YOUR GOAL - Retype precisely the section of the data that starts at the line containing "#288=EDGE_LOOP('',(#279,#280,#281,#287));" and runs to its final line, ends included.
*** DATA SECTION ***
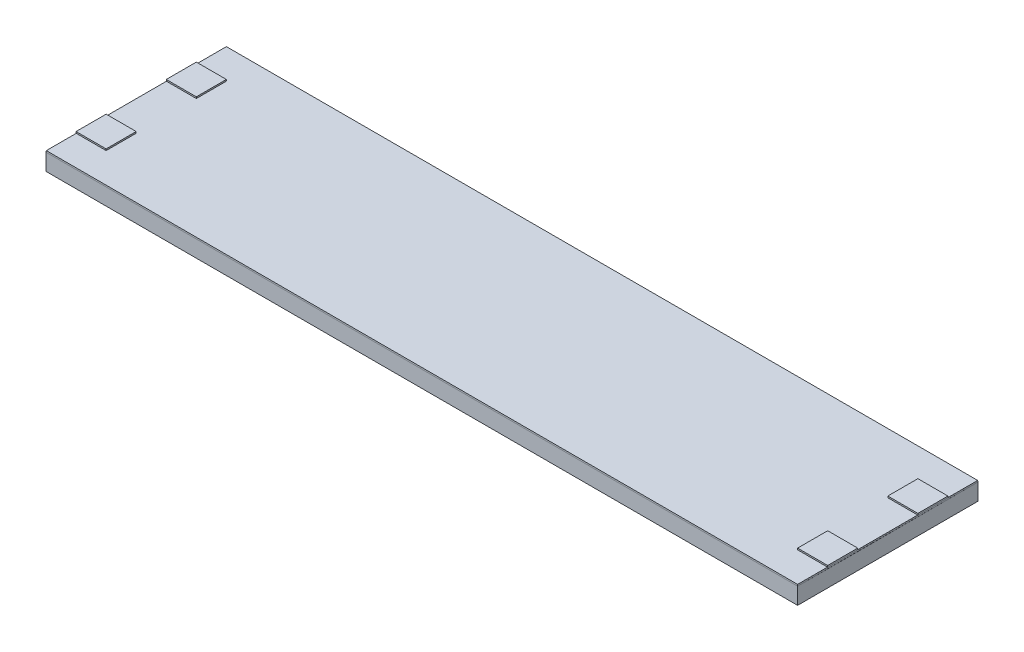
ISO-10303-21;
HEADER;
FILE_DESCRIPTION(('STEP AP214'),'2;1');
FILE_NAME('part.step','',(''),(''),'','','');
FILE_SCHEMA(('AUTOMOTIVE_DESIGN { 1 0 10303 214 1 1 1 1 }'));
ENDSEC;
DATA;
#1=APPLICATION_CONTEXT('core data for automotive mechanical design processes');
#2=APPLICATION_PROTOCOL_DEFINITION('international standard','automotive_design',2000,#1);
#3=PRODUCT_CONTEXT('',#1,'mechanical');
#4=PRODUCT('Part','Part','',(#3));
#5=PRODUCT_RELATED_PRODUCT_CATEGORY('part','',(#4));
#6=PRODUCT_DEFINITION_FORMATION('','',#4);
#7=PRODUCT_DEFINITION_CONTEXT('part definition',#1,'design');
#8=PRODUCT_DEFINITION('design','',#6,#7);
#9=PRODUCT_DEFINITION_SHAPE('','',#8);
#10=(LENGTH_UNIT() NAMED_UNIT(*) SI_UNIT(.MILLI.,.METRE.));
#11=(NAMED_UNIT(*) PLANE_ANGLE_UNIT() SI_UNIT($,.RADIAN.));
#12=(NAMED_UNIT(*) SI_UNIT($,.STERADIAN.) SOLID_ANGLE_UNIT());
#13=UNCERTAINTY_MEASURE_WITH_UNIT(LENGTH_MEASURE(1.E-05),#10,'distance_accuracy_value','');
#14=(GEOMETRIC_REPRESENTATION_CONTEXT(3) GLOBAL_UNCERTAINTY_ASSIGNED_CONTEXT((#13)) GLOBAL_UNIT_ASSIGNED_CONTEXT((#10,
#11,#12)) REPRESENTATION_CONTEXT('',''));
#15=CARTESIAN_POINT('',(0.,0.,0.));
#16=DIRECTION('',(0.,0.,1.));
#17=DIRECTION('',(1.,0.,0.));
#18=AXIS2_PLACEMENT_3D('',#15,#16,#17);
#19=CARTESIAN_POINT('',(0.,1.3,0.));
#20=DIRECTION('',(0.,-1.,0.));
#21=DIRECTION('',(0.,0.,-1.));
#22=AXIS2_PLACEMENT_3D('',#19,#20,#21);
#23=PLANE('',#22);
#24=DIRECTION('',(-1.,0.,0.));
#25=VECTOR('',#24,1.);
#26=CARTESIAN_POINT('',(48.,1.3,-10.));
#27=LINE('',#26,#25);
#28=CARTESIAN_POINT('',(50.,1.3,-10.));
#29=VERTEX_POINT('',#28);
#30=CARTESIAN_POINT('',(48.,1.3,-10.));
#31=VERTEX_POINT('',#30);
#32=EDGE_CURVE('E1162',#29,#31,#27,.T.);
#33=ORIENTED_EDGE('',*,*,#32,.T.);
#34=DIRECTION('',(0.,0.,1.));
#35=VECTOR('',#34,1.);
#36=CARTESIAN_POINT('',(48.,1.3,-10.));
#37=LINE('',#36,#35);
#38=CARTESIAN_POINT('',(48.,1.3,-8.));
#39=VERTEX_POINT('',#38);
#40=EDGE_CURVE('E1290',#31,#39,#37,.T.);
#41=ORIENTED_EDGE('',*,*,#40,.T.);
#42=DIRECTION('',(1.,0.,0.));
#43=VECTOR('',#42,1.);
#44=CARTESIAN_POINT('',(48.,1.3,-8.));
#45=LINE('',#44,#43);
#46=CARTESIAN_POINT('',(50.,1.3,-8.));
#47=VERTEX_POINT('',#46);
#48=EDGE_CURVE('E29',#39,#47,#45,.T.);
#49=ORIENTED_EDGE('',*,*,#48,.T.);
#50=DIRECTION('',(0.,0.,-1.));
#51=VECTOR('',#50,1.);
#52=CARTESIAN_POINT('',(50.,1.3,-10.));
#53=LINE('',#52,#51);
#54=EDGE_CURVE('E11',#47,#29,#53,.T.);
#55=ORIENTED_EDGE('',*,*,#54,.T.);
#56=EDGE_LOOP('',(#33,#41,#49,#55));
#57=FACE_BOUND('',#56,.T.);
#58=ADVANCED_FACE('F16',(#57),#23,.F.);
#59=CARTESIAN_POINT('',(50.,1.3,-10.));
#60=DIRECTION('',(-1.,0.,0.));
#61=DIRECTION('',(0.,0.,1.));
#62=AXIS2_PLACEMENT_3D('',#59,#60,#61);
#63=PLANE('',#62);
#64=DIRECTION('',(0.,0.,-1.));
#65=VECTOR('',#64,1.);
#66=CARTESIAN_POINT('',(50.,1.2,-10.));
#67=LINE('',#66,#65);
#68=CARTESIAN_POINT('',(50.,1.2,-8.));
#69=VERTEX_POINT('',#68);
#70=CARTESIAN_POINT('',(50.,1.2,-10.));
#71=VERTEX_POINT('',#70);
#72=EDGE_CURVE('E1158',#69,#71,#67,.T.);
#73=ORIENTED_EDGE('',*,*,#72,.T.);
#74=DIRECTION('',(0.,-1.,0.));
#75=VECTOR('',#74,1.);
#76=CARTESIAN_POINT('',(50.,1.3,-10.));
#77=LINE('',#76,#75);
#78=EDGE_CURVE('E1167',#29,#71,#77,.T.);
#79=ORIENTED_EDGE('',*,*,#78,.F.);
#80=ORIENTED_EDGE('',*,*,#54,.F.);
#81=DIRECTION('',(0.,-1.,0.));
#82=VECTOR('',#81,1.);
#83=CARTESIAN_POINT('',(50.,1.3,-8.));
#84=LINE('',#83,#82);
#85=EDGE_CURVE('E1294',#47,#69,#84,.T.);
#86=ORIENTED_EDGE('',*,*,#85,.T.);
#87=EDGE_LOOP('',(#73,#79,#80,#86));
#88=FACE_BOUND('',#87,.T.);
#89=ADVANCED_FACE('F455',(#88),#63,.F.);
#90=CARTESIAN_POINT('',(48.,1.3,-8.));
#91=DIRECTION('',(0.,0.,-1.));
#92=DIRECTION('',(0.,-1.,0.));
#93=AXIS2_PLACEMENT_3D('',#90,#91,#92);
#94=PLANE('',#93);
#95=DIRECTION('',(1.,0.,0.));
#96=VECTOR('',#95,1.);
#97=CARTESIAN_POINT('',(48.,1.2,-8.));
#98=LINE('',#97,#96);
#99=CARTESIAN_POINT('',(48.,1.2,-8.));
#100=VERTEX_POINT('',#99);
#101=CARTESIAN_POINT('',(49.99,1.2,-8.));
#102=VERTEX_POINT('',#101);
#103=EDGE_CURVE('E410',#100,#102,#98,.T.);
#104=ORIENTED_EDGE('',*,*,#103,.T.);
#105=DIRECTION('',(1.,0.,0.));
#106=VECTOR('',#105,1.);
#107=CARTESIAN_POINT('',(48.,1.2,-8.));
#108=LINE('',#107,#106);
#109=EDGE_CURVE('E1163',#102,#69,#108,.T.);
#110=ORIENTED_EDGE('',*,*,#109,.T.);
#111=ORIENTED_EDGE('',*,*,#85,.F.);
#112=ORIENTED_EDGE('',*,*,#48,.F.);
#113=DIRECTION('',(0.,-1.,0.));
#114=VECTOR('',#113,1.);
#115=CARTESIAN_POINT('',(48.,1.3,-8.));
#116=LINE('',#115,#114);
#117=EDGE_CURVE('E1170',#39,#100,#116,.T.);
#118=ORIENTED_EDGE('',*,*,#117,.T.);
#119=EDGE_LOOP('',(#104,#110,#111,#112,#118));
#120=FACE_BOUND('',#119,.T.);
#121=ADVANCED_FACE('F459',(#120),#94,.F.);
#122=CARTESIAN_POINT('',(48.,1.3,-10.));
#123=DIRECTION('',(1.,0.,0.));
#124=DIRECTION('',(0.,1.,0.));
#125=AXIS2_PLACEMENT_3D('',#122,#123,#124);
#126=PLANE('',#125);
#127=DIRECTION('',(0.,0.,1.));
#128=VECTOR('',#127,1.);
#129=CARTESIAN_POINT('',(48.,1.2,-10.));
#130=LINE('',#129,#128);
#131=CARTESIAN_POINT('',(48.,1.2,-10.));
#132=VERTEX_POINT('',#131);
#133=EDGE_CURVE('E1175',#132,#100,#130,.T.);
#134=ORIENTED_EDGE('',*,*,#133,.T.);
#135=ORIENTED_EDGE('',*,*,#117,.F.);
#136=ORIENTED_EDGE('',*,*,#40,.F.);
#137=DIRECTION('',(0.,-1.,0.));
#138=VECTOR('',#137,1.);
#139=CARTESIAN_POINT('',(48.,1.3,-10.));
#140=LINE('',#139,#138);
#141=EDGE_CURVE('E1159',#31,#132,#140,.T.);
#142=ORIENTED_EDGE('',*,*,#141,.T.);
#143=EDGE_LOOP('',(#134,#135,#136,#142));
#144=FACE_BOUND('',#143,.T.);
#145=ADVANCED_FACE('F745',(#144),#126,.F.);
#146=CARTESIAN_POINT('',(48.,1.3,-10.));
#147=DIRECTION('',(0.,0.,1.));
#148=DIRECTION('',(1.,0.,0.));
#149=AXIS2_PLACEMENT_3D('',#146,#147,#148);
#150=PLANE('',#149);
#151=DIRECTION('',(-1.,0.,0.));
#152=VECTOR('',#151,1.);
#153=CARTESIAN_POINT('',(48.,1.2,-10.));
#154=LINE('',#153,#152);
#155=CARTESIAN_POINT('',(49.99,1.2,-10.));
#156=VERTEX_POINT('',#155);
#157=EDGE_CURVE('E1134',#71,#156,#154,.T.);
#158=ORIENTED_EDGE('',*,*,#157,.T.);
#159=DIRECTION('',(-1.,0.,0.));
#160=VECTOR('',#159,1.);
#161=CARTESIAN_POINT('',(48.,1.2,-10.));
#162=LINE('',#161,#160);
#163=EDGE_CURVE('E1171',#156,#132,#162,.T.);
#164=ORIENTED_EDGE('',*,*,#163,.T.);
#165=ORIENTED_EDGE('',*,*,#141,.F.);
#166=ORIENTED_EDGE('',*,*,#32,.F.);
#167=ORIENTED_EDGE('',*,*,#78,.T.);
#168=EDGE_LOOP('',(#158,#164,#165,#166,#167));
#169=FACE_BOUND('',#168,.T.);
#170=ADVANCED_FACE('F643',(#169),#150,.F.);
#171=CARTESIAN_POINT('',(0.,1.2,0.));
#172=DIRECTION('',(0.,-1.,0.));
#173=DIRECTION('',(0.,0.,-1.));
#174=AXIS2_PLACEMENT_3D('',#171,#172,#173);
#175=PLANE('',#174);
#176=DIRECTION('',(0.,0.,-1.));
#177=VECTOR('',#176,1.);
#178=CARTESIAN_POINT('',(49.99,1.2,0.));
#179=LINE('',#178,#177);
#180=EDGE_CURVE('E415',#102,#156,#179,.T.);
#181=ORIENTED_EDGE('',*,*,#180,.T.);
#182=ORIENTED_EDGE('',*,*,#157,.F.);
#183=ORIENTED_EDGE('',*,*,#72,.F.);
#184=ORIENTED_EDGE('',*,*,#109,.F.);
#185=EDGE_LOOP('',(#181,#182,#183,#184));
#186=FACE_BOUND('',#185,.T.);
#187=ADVANCED_FACE('F480',(#186),#175,.T.);
#188=CARTESIAN_POINT('',(0.,1.3,0.));
#189=DIRECTION('',(0.,-1.,0.));
#190=DIRECTION('',(0.,0.,-1.));
#191=AXIS2_PLACEMENT_3D('',#188,#189,#190);
#192=PLANE('',#191);
#193=DIRECTION('',(0.,0.,1.));
#194=VECTOR('',#193,1.);
#195=CARTESIAN_POINT('',(48.,1.3,-2.));
#196=LINE('',#195,#194);
#197=CARTESIAN_POINT('',(48.,1.3,-4.));
#198=VERTEX_POINT('',#197);
#199=CARTESIAN_POINT('',(48.,1.3,-2.));
#200=VERTEX_POINT('',#199);
#201=EDGE_CURVE('E1216',#198,#200,#196,.T.);
#202=ORIENTED_EDGE('',*,*,#201,.T.);
#203=DIRECTION('',(1.,0.,0.));
#204=VECTOR('',#203,1.);
#205=CARTESIAN_POINT('',(48.,1.3,-2.));
#206=LINE('',#205,#204);
#207=CARTESIAN_POINT('',(50.,1.3,-2.));
#208=VERTEX_POINT('',#207);
#209=EDGE_CURVE('E1138',#200,#208,#206,.T.);
#210=ORIENTED_EDGE('',*,*,#209,.T.);
#211=DIRECTION('',(0.,0.,-1.));
#212=VECTOR('',#211,1.);
#213=CARTESIAN_POINT('',(50.,1.3,-2.));
#214=LINE('',#213,#212);
#215=CARTESIAN_POINT('',(50.,1.3,-4.));
#216=VERTEX_POINT('',#215);
#217=EDGE_CURVE('E1135',#208,#216,#214,.T.);
#218=ORIENTED_EDGE('',*,*,#217,.T.);
#219=DIRECTION('',(-1.,0.,0.));
#220=VECTOR('',#219,1.);
#221=CARTESIAN_POINT('',(48.,1.3,-4.));
#222=LINE('',#221,#220);
#223=EDGE_CURVE('E1127',#216,#198,#222,.T.);
#224=ORIENTED_EDGE('',*,*,#223,.T.);
#225=EDGE_LOOP('',(#202,#210,#218,#224));
#226=FACE_BOUND('',#225,.T.);
#227=ADVANCED_FACE('F452',(#226),#192,.F.);
#228=CARTESIAN_POINT('',(48.,1.3,-4.));
#229=DIRECTION('',(0.,0.,1.));
#230=DIRECTION('',(1.,0.,0.));
#231=AXIS2_PLACEMENT_3D('',#228,#229,#230);
#232=PLANE('',#231);
#233=DIRECTION('',(-1.,0.,0.));
#234=VECTOR('',#233,1.);
#235=CARTESIAN_POINT('',(48.,1.2,-4.));
#236=LINE('',#235,#234);
#237=CARTESIAN_POINT('',(50.,1.2,-4.));
#238=VERTEX_POINT('',#237);
#239=CARTESIAN_POINT('',(49.99,1.2,-4.));
#240=VERTEX_POINT('',#239);
#241=EDGE_CURVE('E300',#238,#240,#236,.T.);
#242=ORIENTED_EDGE('',*,*,#241,.T.);
#243=DIRECTION('',(-1.,0.,0.));
#244=VECTOR('',#243,1.);
#245=CARTESIAN_POINT('',(48.,1.2,-4.));
#246=LINE('',#245,#244);
#247=CARTESIAN_POINT('',(48.,1.2,-4.));
#248=VERTEX_POINT('',#247);
#249=EDGE_CURVE('E1243',#240,#248,#246,.T.);
#250=ORIENTED_EDGE('',*,*,#249,.T.);
#251=DIRECTION('',(0.,-1.,0.));
#252=VECTOR('',#251,1.);
#253=CARTESIAN_POINT('',(48.,1.3,-4.));
#254=LINE('',#253,#252);
#255=EDGE_CURVE('E1130',#198,#248,#254,.T.);
#256=ORIENTED_EDGE('',*,*,#255,.F.);
#257=ORIENTED_EDGE('',*,*,#223,.F.);
#258=DIRECTION('',(0.,-1.,0.));
#259=VECTOR('',#258,1.);
#260=CARTESIAN_POINT('',(50.,1.3,-4.));
#261=LINE('',#260,#259);
#262=EDGE_CURVE('E203',#216,#238,#261,.T.);
#263=ORIENTED_EDGE('',*,*,#262,.T.);
#264=EDGE_LOOP('',(#242,#250,#256,#257,#263));
#265=FACE_BOUND('',#264,.T.);
#266=ADVANCED_FACE('F448',(#265),#232,.F.);
#267=CARTESIAN_POINT('',(50.,1.3,-2.));
#268=DIRECTION('',(-1.,0.,0.));
#269=DIRECTION('',(0.,0.,1.));
#270=AXIS2_PLACEMENT_3D('',#267,#268,#269);
#271=PLANE('',#270);
#272=DIRECTION('',(0.,0.,-1.));
#273=VECTOR('',#272,1.);
#274=CARTESIAN_POINT('',(50.,1.2,-2.));
#275=LINE('',#274,#273);
#276=CARTESIAN_POINT('',(50.,1.2,-2.));
#277=VERTEX_POINT('',#276);
#278=EDGE_CURVE('E363',#277,#238,#275,.T.);
#279=ORIENTED_EDGE('',*,*,#278,.T.);
#280=ORIENTED_EDGE('',*,*,#262,.F.);
#281=ORIENTED_EDGE('',*,*,#217,.F.);
#282=DIRECTION('',(0.,-1.,0.));
#283=VECTOR('',#282,1.);
#284=CARTESIAN_POINT('',(50.,1.3,-2.));
#285=LINE('',#284,#283);
#286=EDGE_CURVE('E1148',#208,#277,#285,.T.);
#287=ORIENTED_EDGE('',*,*,#286,.T.);
#288=EDGE_LOOP('',(#279,#280,#281,#287));
#289=FACE_BOUND('',#288,.T.);
#290=ADVANCED_FACE('F451',(#289),#271,.F.);
#291=CARTESIAN_POINT('',(48.,1.3,-2.));
#292=DIRECTION('',(0.,0.,-1.));
#293=DIRECTION('',(0.,-1.,0.));
#294=AXIS2_PLACEMENT_3D('',#291,#292,#293);
#295=PLANE('',#294);
#296=DIRECTION('',(1.,0.,0.));
#297=VECTOR('',#296,1.);
#298=CARTESIAN_POINT('',(48.,1.2,-2.));
#299=LINE('',#298,#297);
#300=CARTESIAN_POINT('',(48.,1.2,-2.));
#301=VERTEX_POINT('',#300);
#302=CARTESIAN_POINT('',(49.99,1.2,-2.));
#303=VERTEX_POINT('',#302);
#304=EDGE_CURVE('E1244',#301,#303,#299,.T.);
#305=ORIENTED_EDGE('',*,*,#304,.T.);
#306=DIRECTION('',(1.,0.,0.));
#307=VECTOR('',#306,1.);
#308=CARTESIAN_POINT('',(48.,1.2,-2.));
#309=LINE('',#308,#307);
#310=EDGE_CURVE('E100',#303,#277,#309,.T.);
#311=ORIENTED_EDGE('',*,*,#310,.T.);
#312=ORIENTED_EDGE('',*,*,#286,.F.);
#313=ORIENTED_EDGE('',*,*,#209,.F.);
#314=DIRECTION('',(0.,-1.,0.));
#315=VECTOR('',#314,1.);
#316=CARTESIAN_POINT('',(48.,1.3,-2.));
#317=LINE('',#316,#315);
#318=EDGE_CURVE('E1210',#200,#301,#317,.T.);
#319=ORIENTED_EDGE('',*,*,#318,.T.);
#320=EDGE_LOOP('',(#305,#311,#312,#313,#319));
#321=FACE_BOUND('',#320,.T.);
*** End of DATA SECTION ***
WRITTEN REPLY -
#288=EDGE_LOOP('',(#279,#280,#281,#287));
#289=FACE_BOUND('',#288,.T.);
#290=ADVANCED_FACE('F451',(#289),#271,.F.);
#291=CARTESIAN_POINT('',(48.,1.3,-2.));
#292=DIRECTION('',(0.,0.,-1.));
#293=DIRECTION('',(0.,-1.,0.));
#294=AXIS2_PLACEMENT_3D('',#291,#292,#293);
#295=PLANE('',#294);
#296=DIRECTION('',(1.,0.,0.));
#297=VECTOR('',#296,1.);
#298=CARTESIAN_POINT('',(48.,1.2,-2.));
#299=LINE('',#298,#297);
#300=CARTESIAN_POINT('',(48.,1.2,-2.));
#301=VERTEX_POINT('',#300);
#302=CARTESIAN_POINT('',(49.99,1.2,-2.));
#303=VERTEX_POINT('',#302);
#304=EDGE_CURVE('E1244',#301,#303,#299,.T.);
#305=ORIENTED_EDGE('',*,*,#304,.T.);
#306=DIRECTION('',(1.,0.,0.));
#307=VECTOR('',#306,1.);
#308=CARTESIAN_POINT('',(48.,1.2,-2.));
#309=LINE('',#308,#307);
#310=EDGE_CURVE('E100',#303,#277,#309,.T.);
#311=ORIENTED_EDGE('',*,*,#310,.T.);
#312=ORIENTED_EDGE('',*,*,#286,.F.);
#313=ORIENTED_EDGE('',*,*,#209,.F.);
#314=DIRECTION('',(0.,-1.,0.));
#315=VECTOR('',#314,1.);
#316=CARTESIAN_POINT('',(48.,1.3,-2.));
#317=LINE('',#316,#315);
#318=EDGE_CURVE('E1210',#200,#301,#317,.T.);
#319=ORIENTED_EDGE('',*,*,#318,.T.);
#320=EDGE_LOOP('',(#305,#311,#312,#313,#319));
#321=FACE_BOUND('',#320,.T.);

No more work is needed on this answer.